_WHAT THIS TASK INVOLVES_. With the string "amount" as the filter, copy each matching line from the records.
:: DATA RECORDS
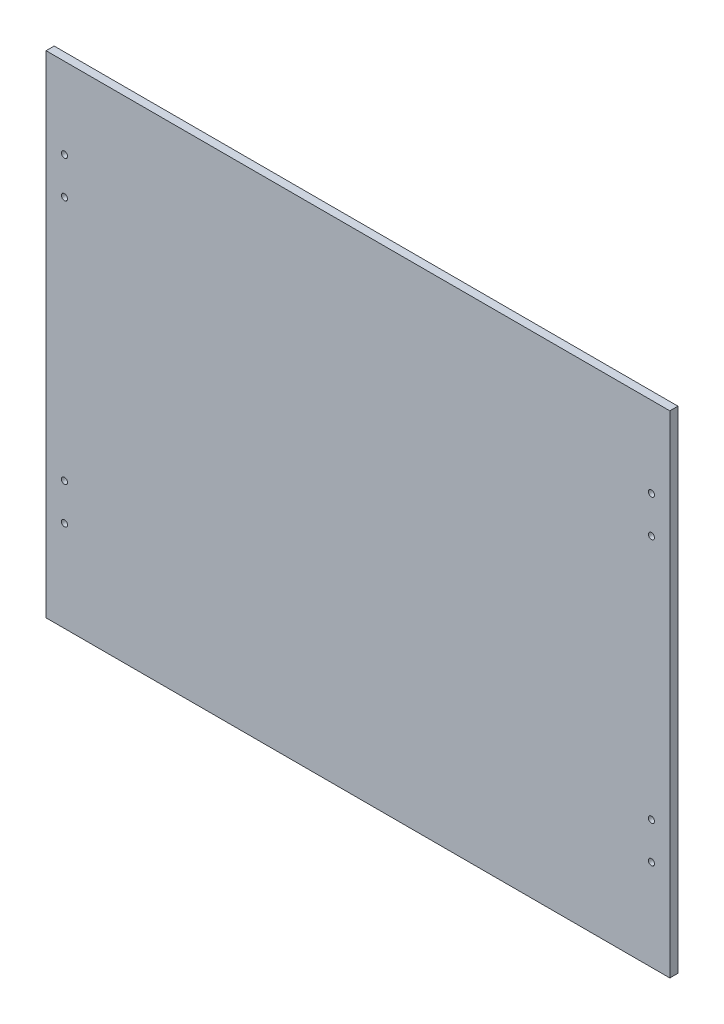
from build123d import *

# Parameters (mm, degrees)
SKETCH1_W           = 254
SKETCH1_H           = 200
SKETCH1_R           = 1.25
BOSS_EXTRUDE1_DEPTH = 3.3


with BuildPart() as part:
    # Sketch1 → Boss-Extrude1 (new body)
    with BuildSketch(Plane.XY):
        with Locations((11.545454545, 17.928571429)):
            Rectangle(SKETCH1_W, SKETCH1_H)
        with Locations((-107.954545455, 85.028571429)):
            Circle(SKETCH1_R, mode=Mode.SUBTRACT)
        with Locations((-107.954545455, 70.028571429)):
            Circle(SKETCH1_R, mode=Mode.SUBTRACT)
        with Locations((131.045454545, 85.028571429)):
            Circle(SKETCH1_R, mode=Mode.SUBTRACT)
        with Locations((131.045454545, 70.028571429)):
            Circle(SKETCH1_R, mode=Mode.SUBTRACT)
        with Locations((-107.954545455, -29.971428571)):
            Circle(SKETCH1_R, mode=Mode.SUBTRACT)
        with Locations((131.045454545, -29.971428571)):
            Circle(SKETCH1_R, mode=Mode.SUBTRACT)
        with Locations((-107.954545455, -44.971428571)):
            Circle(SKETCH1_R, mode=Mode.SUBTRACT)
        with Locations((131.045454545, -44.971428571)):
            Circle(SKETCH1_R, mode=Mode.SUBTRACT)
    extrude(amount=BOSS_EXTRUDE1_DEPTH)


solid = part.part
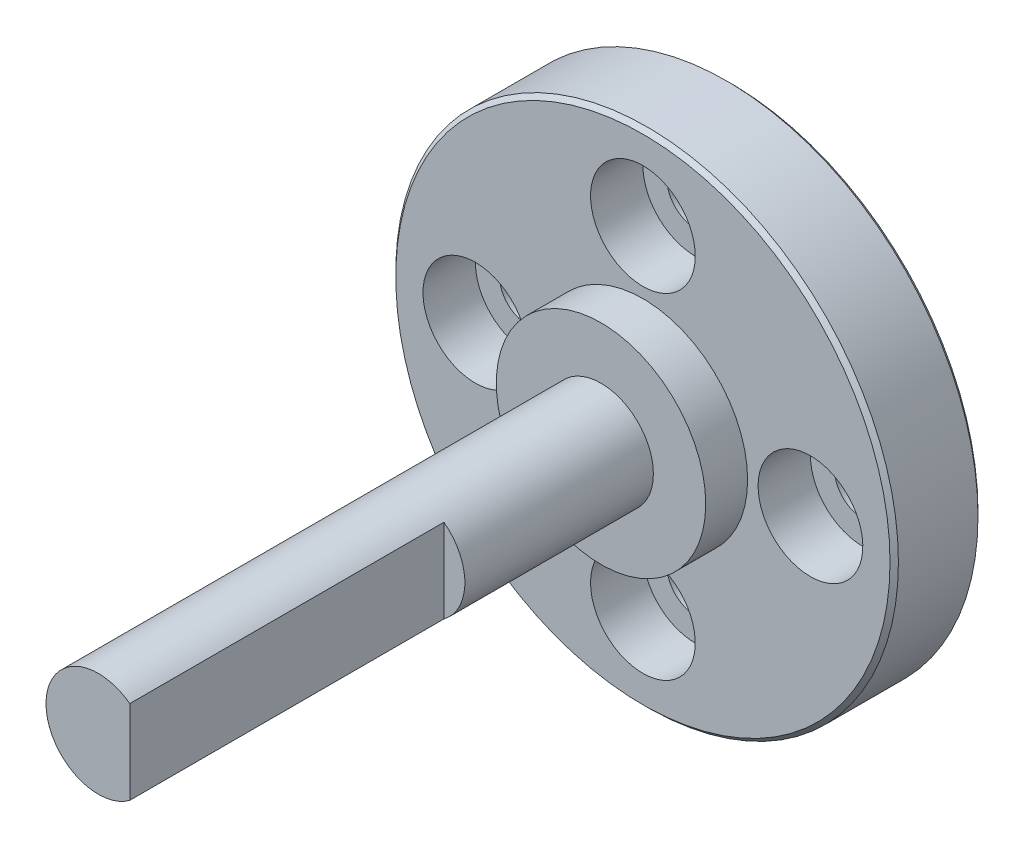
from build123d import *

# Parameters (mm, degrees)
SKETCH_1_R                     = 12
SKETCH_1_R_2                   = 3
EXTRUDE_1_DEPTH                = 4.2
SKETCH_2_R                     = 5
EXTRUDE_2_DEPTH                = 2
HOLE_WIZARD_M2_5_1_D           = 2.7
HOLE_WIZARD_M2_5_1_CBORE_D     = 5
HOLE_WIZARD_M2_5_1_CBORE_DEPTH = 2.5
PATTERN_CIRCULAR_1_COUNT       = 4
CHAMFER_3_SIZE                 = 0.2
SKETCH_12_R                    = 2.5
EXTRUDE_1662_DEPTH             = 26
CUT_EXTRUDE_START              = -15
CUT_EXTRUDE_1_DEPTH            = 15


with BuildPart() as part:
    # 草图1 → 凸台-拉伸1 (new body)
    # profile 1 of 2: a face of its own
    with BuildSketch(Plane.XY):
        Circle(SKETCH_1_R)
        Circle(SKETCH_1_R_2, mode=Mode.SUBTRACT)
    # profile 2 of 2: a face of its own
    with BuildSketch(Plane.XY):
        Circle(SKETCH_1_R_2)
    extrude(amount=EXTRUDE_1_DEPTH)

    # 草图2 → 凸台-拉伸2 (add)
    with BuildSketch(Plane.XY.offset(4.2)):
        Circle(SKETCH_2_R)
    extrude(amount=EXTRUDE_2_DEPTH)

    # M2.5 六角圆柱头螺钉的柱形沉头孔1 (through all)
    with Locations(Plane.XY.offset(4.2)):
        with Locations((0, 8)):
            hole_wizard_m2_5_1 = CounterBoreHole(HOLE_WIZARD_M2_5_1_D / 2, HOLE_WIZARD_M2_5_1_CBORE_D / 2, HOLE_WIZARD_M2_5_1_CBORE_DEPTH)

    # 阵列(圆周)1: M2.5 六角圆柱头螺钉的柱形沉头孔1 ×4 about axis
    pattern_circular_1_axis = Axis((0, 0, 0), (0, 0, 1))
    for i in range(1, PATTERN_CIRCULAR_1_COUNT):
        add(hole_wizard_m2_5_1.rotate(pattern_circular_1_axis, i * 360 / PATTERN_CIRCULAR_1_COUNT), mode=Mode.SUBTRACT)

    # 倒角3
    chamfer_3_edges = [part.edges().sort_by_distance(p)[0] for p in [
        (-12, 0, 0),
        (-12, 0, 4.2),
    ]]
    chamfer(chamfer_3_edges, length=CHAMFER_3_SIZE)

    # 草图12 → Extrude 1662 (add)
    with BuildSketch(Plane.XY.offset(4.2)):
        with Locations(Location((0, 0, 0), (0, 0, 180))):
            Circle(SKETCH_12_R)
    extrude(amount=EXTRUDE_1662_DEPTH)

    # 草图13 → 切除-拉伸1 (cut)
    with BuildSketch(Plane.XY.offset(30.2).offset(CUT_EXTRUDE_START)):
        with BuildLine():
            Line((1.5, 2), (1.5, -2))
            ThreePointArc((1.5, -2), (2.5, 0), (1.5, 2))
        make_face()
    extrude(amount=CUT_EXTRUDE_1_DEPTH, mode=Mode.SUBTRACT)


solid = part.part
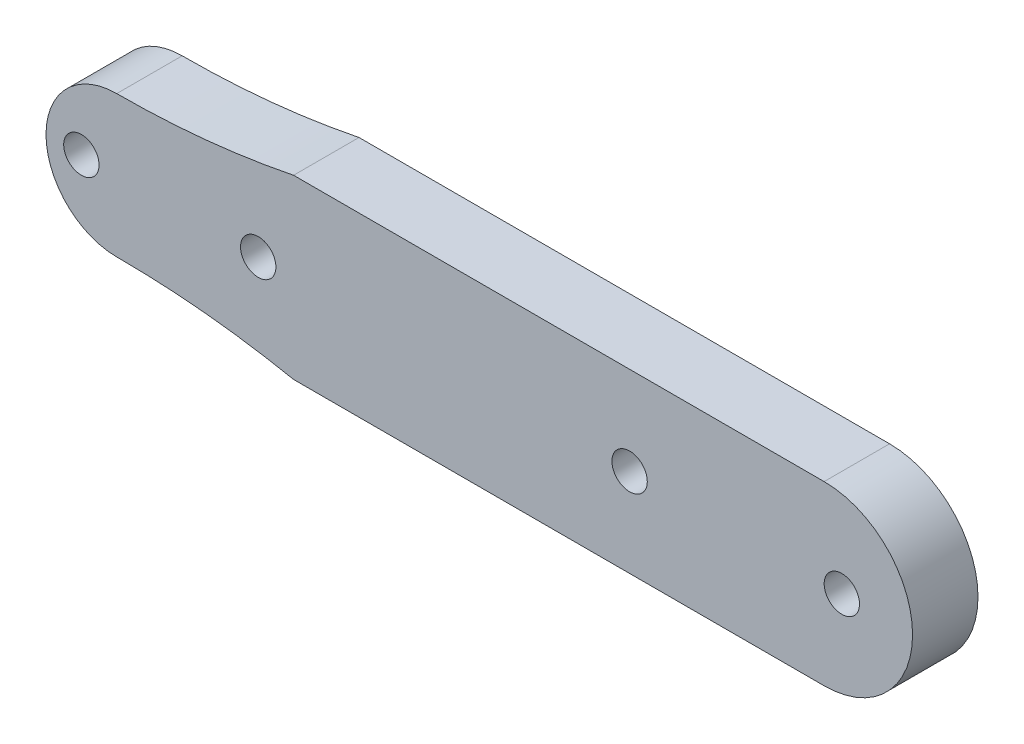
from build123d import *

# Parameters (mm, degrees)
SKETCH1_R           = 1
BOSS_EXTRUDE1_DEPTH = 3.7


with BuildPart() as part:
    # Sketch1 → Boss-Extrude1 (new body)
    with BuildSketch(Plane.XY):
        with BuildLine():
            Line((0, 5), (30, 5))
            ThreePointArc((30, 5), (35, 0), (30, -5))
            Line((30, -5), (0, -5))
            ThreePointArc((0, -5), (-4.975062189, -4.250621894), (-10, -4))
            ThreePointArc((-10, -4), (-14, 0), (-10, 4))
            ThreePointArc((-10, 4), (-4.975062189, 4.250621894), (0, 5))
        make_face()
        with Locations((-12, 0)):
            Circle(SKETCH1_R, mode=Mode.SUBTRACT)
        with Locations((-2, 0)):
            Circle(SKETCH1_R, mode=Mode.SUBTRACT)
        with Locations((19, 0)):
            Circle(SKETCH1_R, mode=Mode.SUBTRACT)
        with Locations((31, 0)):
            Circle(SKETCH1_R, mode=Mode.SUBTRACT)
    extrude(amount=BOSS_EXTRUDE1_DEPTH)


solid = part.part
::::
_THE COMPLETED TASK_.
    extrude(amount=BOSS_EXTRUDE1_DEPTH)
    extrude(amount=EXTRUDE_1_DEPTH)
    extrude(amount=EXTRUDE_2_DEPTH)
    extrude(amount=EXTRUDE_1662_DEPTH)
    extrude(amount=CUT_EXTRUDE_1_DEPTH, mode=Mode.SUBTRACT)
    extrude(amount=BOSS_EXTRUDE1_DEPTH)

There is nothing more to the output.